Nehru, who could freely demonstrate his atheism probably because of his towering personality, also wrote: "The spectacle of what is called religion, or at any rate organised religion, in India and elsewhere, has filled me with horror, and I have frequently condemned it and wished to make a clean sweep of it. Almost always it seems to stand for blind belief and reaction, dogma and bigotry, superstition and exploitation, and the preservation of vested interests."
But Nehru could not inculcate his values in his daughter and political heir Indira Gandhi who visited temples, relied on spiritual gurus and nursed an entirely different perspective.
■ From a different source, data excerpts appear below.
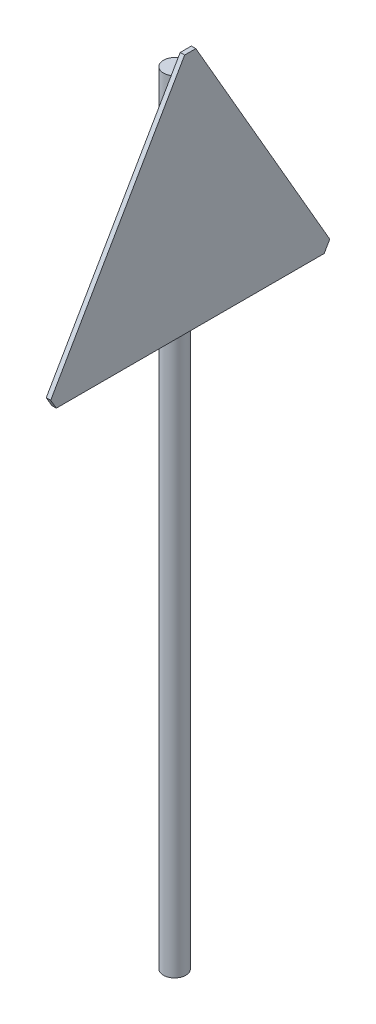
ISO-10303-21;
HEADER;
FILE_DESCRIPTION(('STEP AP214'),'2;1');
FILE_NAME('part.step','',(''),(''),'','','');
FILE_SCHEMA(('AUTOMOTIVE_DESIGN { 1 0 10303 214 1 1 1 1 }'));
ENDSEC;
DATA;
#1=APPLICATION_CONTEXT('core data for automotive mechanical design processes');
#2=APPLICATION_PROTOCOL_DEFINITION('international standard','automotive_design',2000,#1);
#3=PRODUCT_CONTEXT('',#1,'mechanical');
#4=PRODUCT('Part','Part','',(#3));
#5=PRODUCT_RELATED_PRODUCT_CATEGORY('part','',(#4));
#6=PRODUCT_DEFINITION_FORMATION('','',#4);
#7=PRODUCT_DEFINITION_CONTEXT('part definition',#1,'design');
#8=PRODUCT_DEFINITION('design','',#6,#7);
#9=PRODUCT_DEFINITION_SHAPE('','',#8);
#10=(LENGTH_UNIT() NAMED_UNIT(*) SI_UNIT(.MILLI.,.METRE.));
#11=(NAMED_UNIT(*) PLANE_ANGLE_UNIT() SI_UNIT($,.RADIAN.));
#12=(NAMED_UNIT(*) SI_UNIT($,.STERADIAN.) SOLID_ANGLE_UNIT());
#13=UNCERTAINTY_MEASURE_WITH_UNIT(LENGTH_MEASURE(1.E-05),#10,'distance_accuracy_value','');
#14=(GEOMETRIC_REPRESENTATION_CONTEXT(3) GLOBAL_UNCERTAINTY_ASSIGNED_CONTEXT((#13)) GLOBAL_UNIT_ASSIGNED_CONTEXT((#10,
#11,#12)) REPRESENTATION_CONTEXT('',''));
#15=CARTESIAN_POINT('',(0.,0.,0.));
#16=DIRECTION('',(0.,0.,1.));
#17=DIRECTION('',(1.,0.,0.));
#18=AXIS2_PLACEMENT_3D('',#15,#16,#17);
#19=CARTESIAN_POINT('',(0.7,9.08959567622613,-15.7436415314819));
#20=DIRECTION('',(0.,-0.500000000000004,0.866025403784436));
#21=DIRECTION('',(0.,-0.866025403784436,-0.500000000000005));
#22=AXIS2_PLACEMENT_3D('',#19,#20,#21);
#23=PLANE('',#22);
#24=DIRECTION('',(0.,0.866025403784436,0.500000000000005));
#25=VECTOR('',#24,1.);
#26=CARTESIAN_POINT('',(0.5,9.08959567622613,-15.7436415314819));
#27=LINE('',#26,#25);
#28=CARTESIAN_POINT('',(0.5,25.5330651575985,-6.25));
#29=VERTEX_POINT('',#28);
#30=CARTESIAN_POINT('',(0.5,35.9253700030116,-0.250000000000009));
#31=VERTEX_POINT('',#30);
#32=EDGE_CURVE('E112',#29,#31,#27,.T.);
#33=ORIENTED_EDGE('',*,*,#32,.T.);
#34=DIRECTION('',(1.,0.,0.));
#35=VECTOR('',#34,1.);
#36=CARTESIAN_POINT('',(0.7,35.9253700030116,-0.250000000000011));
#37=LINE('',#36,#35);
#38=CARTESIAN_POINT('',(0.7,35.9253700030116,-0.250000000000009));
#39=VERTEX_POINT('',#38);
#40=EDGE_CURVE('E56',#31,#39,#37,.T.);
#41=ORIENTED_EDGE('',*,*,#40,.T.);
#42=DIRECTION('',(0.,0.866025403784436,0.500000000000005));
#43=VECTOR('',#42,1.);
#44=CARTESIAN_POINT('',(0.7,9.08959567622613,-15.7436415314819));
#45=LINE('',#44,#43);
#46=CARTESIAN_POINT('',(0.7,25.5330651575985,-6.25));
#47=VERTEX_POINT('',#46);
#48=EDGE_CURVE('E113',#47,#39,#45,.T.);
#49=ORIENTED_EDGE('',*,*,#48,.F.);
#50=DIRECTION('',(-1.,0.,0.));
#51=VECTOR('',#50,1.);
#52=CARTESIAN_POINT('',(0.7,25.5330651575985,-6.25));
#53=LINE('',#52,#51);
#54=EDGE_CURVE('E105',#47,#29,#53,.T.);
#55=ORIENTED_EDGE('',*,*,#54,.T.);
#56=EDGE_LOOP('',(#33,#41,#49,#55));
#57=FACE_BOUND('',#56,.T.);
#58=ADVANCED_FACE('F47',(#57),#23,.F.);
#59=CARTESIAN_POINT('',(0.7,9.08959567622611,15.7436415314818));
#60=DIRECTION('',(0.,-0.500000000000004,-0.866025403784436));
#61=DIRECTION('',(0.,0.866025403784436,-0.500000000000004));
#62=AXIS2_PLACEMENT_3D('',#59,#60,#61);
#63=PLANE('',#62);
#64=DIRECTION('',(0.,-0.866025403784436,0.500000000000004));
#65=VECTOR('',#64,1.);
#66=CARTESIAN_POINT('',(0.7,9.08959567622611,15.7436415314818));
#67=LINE('',#66,#65);
#68=CARTESIAN_POINT('',(0.7,35.9253700030117,0.25));
#69=VERTEX_POINT('',#68);
#70=CARTESIAN_POINT('',(0.7,25.5330651575985,6.25));
#71=VERTEX_POINT('',#70);
#72=EDGE_CURVE('E144',#69,#71,#67,.T.);
#73=ORIENTED_EDGE('',*,*,#72,.F.);
#74=DIRECTION('',(-1.,0.,0.));
#75=VECTOR('',#74,1.);
#76=CARTESIAN_POINT('',(0.7,35.9253700030116,0.250000000000002));
#77=LINE('',#76,#75);
#78=CARTESIAN_POINT('',(0.5,35.9253700030117,0.25));
#79=VERTEX_POINT('',#78);
#80=EDGE_CURVE('E137',#69,#79,#77,.T.);
#81=ORIENTED_EDGE('',*,*,#80,.T.);
#82=DIRECTION('',(0.,-0.866025403784436,0.500000000000004));
#83=VECTOR('',#82,1.);
#84=CARTESIAN_POINT('',(0.5,9.08959567622611,15.7436415314818));
#85=LINE('',#84,#83);
#86=CARTESIAN_POINT('',(0.5,25.5330651575985,6.25));
#87=VERTEX_POINT('',#86);
#88=EDGE_CURVE('E117',#79,#87,#85,.T.);
#89=ORIENTED_EDGE('',*,*,#88,.T.);
#90=DIRECTION('',(1.,0.,0.));
#91=VECTOR('',#90,1.);
#92=CARTESIAN_POINT('',(0.7,25.5330651575985,6.25));
#93=LINE('',#92,#91);
#94=EDGE_CURVE('E134',#87,#71,#93,.T.);
#95=ORIENTED_EDGE('',*,*,#94,.T.);
#96=EDGE_LOOP('',(#73,#81,#89,#95));
#97=FACE_BOUND('',#96,.T.);
#98=ADVANCED_FACE('F143',(#97),#63,.F.);
#99=CARTESIAN_POINT('',(0.7,25.1000524557063,0.));
#100=DIRECTION('',(0.,1.,0.));
#101=DIRECTION('',(0.,0.,1.));
#102=AXIS2_PLACEMENT_3D('',#99,#100,#101);
#103=PLANE('',#102);
#104=DIRECTION('',(0.,0.,-1.));
#105=VECTOR('',#104,1.);
#106=CARTESIAN_POINT('',(0.5,25.1000524557063,0.));
#107=LINE('',#106,#105);
#108=CARTESIAN_POINT('',(0.5,25.1000524557063,6.));
#109=VERTEX_POINT('',#108);
#110=CARTESIAN_POINT('',(0.5,25.1000524557063,-6.00000000000001));
#111=VERTEX_POINT('',#110);
#112=EDGE_CURVE('E119',#109,#111,#107,.T.);
#113=ORIENTED_EDGE('',*,*,#112,.T.);
#114=DIRECTION('',(1.,0.,0.));
#115=VECTOR('',#114,1.);
#116=CARTESIAN_POINT('',(0.7,25.1000524557063,-6.00000000000001));
#117=LINE('',#116,#115);
#118=CARTESIAN_POINT('',(0.7,25.1000524557063,-6.00000000000001));
#119=VERTEX_POINT('',#118);
#120=EDGE_CURVE('E106',#111,#119,#117,.T.);
#121=ORIENTED_EDGE('',*,*,#120,.T.);
#122=DIRECTION('',(0.,0.,-1.));
#123=VECTOR('',#122,1.);
#124=CARTESIAN_POINT('',(0.7,25.1000524557063,0.));
#125=LINE('',#124,#123);
#126=CARTESIAN_POINT('',(0.7,25.1000524557063,6.));
#127=VERTEX_POINT('',#126);
#128=EDGE_CURVE('E114',#127,#119,#125,.T.);
#129=ORIENTED_EDGE('',*,*,#128,.F.);
#130=DIRECTION('',(-1.,0.,0.));
#131=VECTOR('',#130,1.);
#132=CARTESIAN_POINT('',(0.7,25.1000524557063,6.));
#133=LINE('',#132,#131);
#134=EDGE_CURVE('E109',#127,#109,#133,.T.);
#135=ORIENTED_EDGE('',*,*,#134,.T.);
#136=EDGE_LOOP('',(#113,#121,#129,#135));
#137=FACE_BOUND('',#136,.T.);
#138=ADVANCED_FACE('F157',(#137),#103,.F.);
#139=CARTESIAN_POINT('',(0.7,0.,0.));
#140=DIRECTION('',(1.,0.,0.));
#141=DIRECTION('',(0.,0.,-1.));
#142=AXIS2_PLACEMENT_3D('',#139,#140,#141);
#143=PLANE('',#142);
#144=ORIENTED_EDGE('',*,*,#48,.T.);
#145=DIRECTION('',(0.,0.,-1.));
#146=VECTOR('',#145,1.);
#147=CARTESIAN_POINT('',(0.7,35.9253700030116,-4.98564661819007E-13));
#148=LINE('',#147,#146);
#149=EDGE_CURVE('E12',#39,#69,#148,.F.);
#150=ORIENTED_EDGE('',*,*,#149,.T.);
#151=ORIENTED_EDGE('',*,*,#72,.T.);
#152=DIRECTION('',(0.,0.866025403784445,0.499999999999989));
#153=VECTOR('',#152,1.);
#154=CARTESIAN_POINT('',(0.7,3.67693690257301,-6.36864153148159));
#155=LINE('',#154,#153);
#156=EDGE_CURVE('E130',#71,#127,#155,.F.);
#157=ORIENTED_EDGE('',*,*,#156,.T.);
#158=ORIENTED_EDGE('',*,*,#128,.T.);
#159=DIRECTION('',(0.,-0.866025403784446,0.499999999999987));
#160=VECTOR('',#159,1.);
#161=CARTESIAN_POINT('',(0.7,3.67693690257298,6.36864153148155));
#162=LINE('',#161,#160);
#163=EDGE_CURVE('E132',#119,#47,#162,.F.);
#164=ORIENTED_EDGE('',*,*,#163,.T.);
#165=EDGE_LOOP('',(#144,#150,#151,#157,#158,#164));
#166=FACE_BOUND('',#165,.T.);
#167=ADVANCED_FACE('F155',(#166),#143,.T.);
#168=CARTESIAN_POINT('',(0.5,0.,0.));
#169=DIRECTION('',(1.,0.,0.));
#170=DIRECTION('',(0.,0.,-1.));
#171=AXIS2_PLACEMENT_3D('',#168,#169,#170);
#172=PLANE('',#171);
#173=ORIENTED_EDGE('',*,*,#88,.F.);
#174=DIRECTION('',(0.,0.,1.));
#175=VECTOR('',#174,1.);
#176=CARTESIAN_POINT('',(0.5,35.9253700030116,0.249999999999999));
#177=LINE('',#176,#175);
#178=EDGE_CURVE('E70',#79,#31,#177,.F.);
#179=ORIENTED_EDGE('',*,*,#178,.T.);
#180=ORIENTED_EDGE('',*,*,#32,.F.);
#181=DIRECTION('',(0.,0.866025403784446,-0.499999999999987));
#182=VECTOR('',#181,1.);
#183=CARTESIAN_POINT('',(0.5,25.5330651575985,-6.25));
#184=LINE('',#183,#182);
#185=EDGE_CURVE('E101',#29,#111,#184,.F.);
#186=ORIENTED_EDGE('',*,*,#185,.T.);
#187=ORIENTED_EDGE('',*,*,#112,.F.);
#188=DIRECTION('',(0.,-0.866025403784445,-0.499999999999989));
#189=VECTOR('',#188,1.);
#190=CARTESIAN_POINT('',(0.5,25.1000524557063,6.00000000000001));
#191=LINE('',#190,#189);
#192=EDGE_CURVE('E110',#109,#87,#191,.F.);
#193=ORIENTED_EDGE('',*,*,#192,.T.);
#194=EDGE_LOOP('',(#173,#179,#180,#186,#187,#193));
#195=FACE_BOUND('',#194,.T.);
#196=ADVANCED_FACE('F116',(#195),#172,.F.);
#197=CARTESIAN_POINT('',(0.7,25.5330651575985,-6.25));
#198=DIRECTION('',(0.,0.499999999999987,0.866025403784446));
#199=DIRECTION('',(-1.,0.,0.));
#200=AXIS2_PLACEMENT_3D('',#197,#198,#199);
#201=PLANE('',#200);
#202=ORIENTED_EDGE('',*,*,#163,.F.);
#203=ORIENTED_EDGE('',*,*,#120,.F.);
#204=ORIENTED_EDGE('',*,*,#185,.F.);
#205=ORIENTED_EDGE('',*,*,#54,.F.);
#206=EDGE_LOOP('',(#202,#203,#204,#205));
#207=FACE_BOUND('',#206,.T.);
#208=ADVANCED_FACE('F104',(#207),#201,.F.);
#209=CARTESIAN_POINT('',(0.7,25.1000524557063,6.00000000000001));
#210=DIRECTION('',(0.,0.499999999999989,-0.866025403784445));
#211=DIRECTION('',(-1.,0.,0.));
#212=AXIS2_PLACEMENT_3D('',#209,#210,#211);
#213=PLANE('',#212);
#214=ORIENTED_EDGE('',*,*,#156,.F.);
#215=ORIENTED_EDGE('',*,*,#94,.F.);
#216=ORIENTED_EDGE('',*,*,#192,.F.);
#217=ORIENTED_EDGE('',*,*,#134,.F.);
#218=EDGE_LOOP('',(#214,#215,#216,#217));
#219=FACE_BOUND('',#218,.T.);
#220=ADVANCED_FACE('F151',(#219),#213,.F.);
#221=CARTESIAN_POINT('',(0.7,35.9253700030116,0.249999999999999));
#222=DIRECTION('',(0.,-1.,0.));
#223=DIRECTION('',(-1.,0.,0.));
#224=AXIS2_PLACEMENT_3D('',#221,#222,#223);
#225=PLANE('',#224);
#226=ORIENTED_EDGE('',*,*,#149,.F.);
#227=ORIENTED_EDGE('',*,*,#40,.F.);
#228=ORIENTED_EDGE('',*,*,#178,.F.);
#229=ORIENTED_EDGE('',*,*,#80,.F.);
#230=EDGE_LOOP('',(#226,#227,#228,#229));
#231=FACE_BOUND('',#230,.T.);
#232=ADVANCED_FACE('F50',(#231),#225,.F.);
#233=CLOSED_SHELL('',(#58,#98,#138,#167,#196,#208,#220,#232));
#234=MANIFOLD_SOLID_BREP('B2',#233);
#235=CARTESIAN_POINT('',(0.,35.,0.));
#236=DIRECTION('',(0.,-1.,0.));
#237=DIRECTION('',(0.,0.,-1.));
#238=AXIS2_PLACEMENT_3D('',#235,#236,#237);
#239=CYLINDRICAL_SURFACE('',#238,0.5);
#240=CARTESIAN_POINT('',(0.,35.,0.));
#241=DIRECTION('',(0.,1.,0.));
#242=DIRECTION('',(0.,0.,1.));
#243=AXIS2_PLACEMENT_3D('',#240,#241,#242);
#244=CIRCLE('',#243,0.5);
#245=CARTESIAN_POINT('',(0.,35.,0.5));
#246=VERTEX_POINT('',#245);
#247=EDGE_CURVE('E46',#246,#246,#244,.T.);
#248=ORIENTED_EDGE('',*,*,#247,.F.);
#249=EDGE_LOOP('',(#248));
#250=FACE_BOUND('',#249,.T.);
#251=CARTESIAN_POINT('',(0.,0.,0.));
#252=DIRECTION('',(0.,1.,0.));
#253=DIRECTION('',(0.,0.,1.));
#254=AXIS2_PLACEMENT_3D('',#251,#252,#253);
#255=CIRCLE('',#254,0.5);
#256=CARTESIAN_POINT('',(0.,0.,0.5));
#257=VERTEX_POINT('',#256);
#258=EDGE_CURVE('E235',#257,#257,#255,.T.);
#259=ORIENTED_EDGE('',*,*,#258,.T.);
#260=EDGE_LOOP('',(#259));
#261=FACE_BOUND('',#260,.T.);
#262=ADVANCED_FACE('F232',(#250,#261),#239,.T.);
#263=CARTESIAN_POINT('',(0.,35.,0.));
#264=DIRECTION('',(0.,1.,0.));
#265=DIRECTION('',(0.,0.,1.));
#266=AXIS2_PLACEMENT_3D('',#263,#264,#265);
#267=PLANE('',#266);
#268=ORIENTED_EDGE('',*,*,#247,.T.);
#269=EDGE_LOOP('',(#268));
#270=FACE_BOUND('',#269,.T.);
#271=ADVANCED_FACE('F247',(#270),#267,.T.);
#272=CARTESIAN_POINT('',(0.,0.,0.));
#273=DIRECTION('',(0.,1.,0.));
#274=DIRECTION('',(0.,0.,1.));
#275=AXIS2_PLACEMENT_3D('',#272,#273,#274);
#276=PLANE('',#275);
#277=ORIENTED_EDGE('',*,*,#258,.F.);
#278=EDGE_LOOP('',(#277));
#279=FACE_BOUND('',#278,.T.);
#280=ADVANCED_FACE('F245',(#279),#276,.F.);
#281=CLOSED_SHELL('',(#262,#271,#280));
#282=MANIFOLD_SOLID_BREP('B6',#281);
#283=ADVANCED_BREP_SHAPE_REPRESENTATION('',(#18,#234,#282),#14);
#284=SHAPE_DEFINITION_REPRESENTATION(#9,#283);
ENDSEC;
END-ISO-10303-21;

She wrote: "Religion is something very basic and it is timeless. In this country, it is a great experience to go to some of the temples and see the people who come to worship there. It is their faith that creates a special atmosphere. It is not only faith of these people but of all others who have been coming here for thousands of years."
Indira's son and Rahul's father Rajiv Gandhi, too, was religious and often visited temples to worship. Sonia Gandhi has been going to places of worship and she chose to take the holy dip in Allahabad during the 2001 Kumbh. Recently, when she took ill during her Varanasi rally, she issued a statement taking a vow to return to worship at the Kashi Vishwanath temple. She is often seen wearing the sacred red thread in her hand.
Most Congress stalwarts have been religious and believed that personal faith should not interfere with their secular politics.
While former Prime Minister P.V. Narasimha Rao prayed daily, President Pranab Mukherjee is deeply religious and follows Hindu rituals. But Mukherjee's secular credentials are impeccable and he often articulates his concerns about mixing politics with religion.
Even V.D. Savarkar, who is supposed to have introduced the concept of political Hindutva, had written that it is fundamentally different from Hinduism. Sociologist Ashis Nandy went to the extent of saying: "The Hindutva ideology is an attack on Hinduism."
The Congress leaders feel that such a distinction is being ignored by critics when they comment on Rahul's visits to places of worship.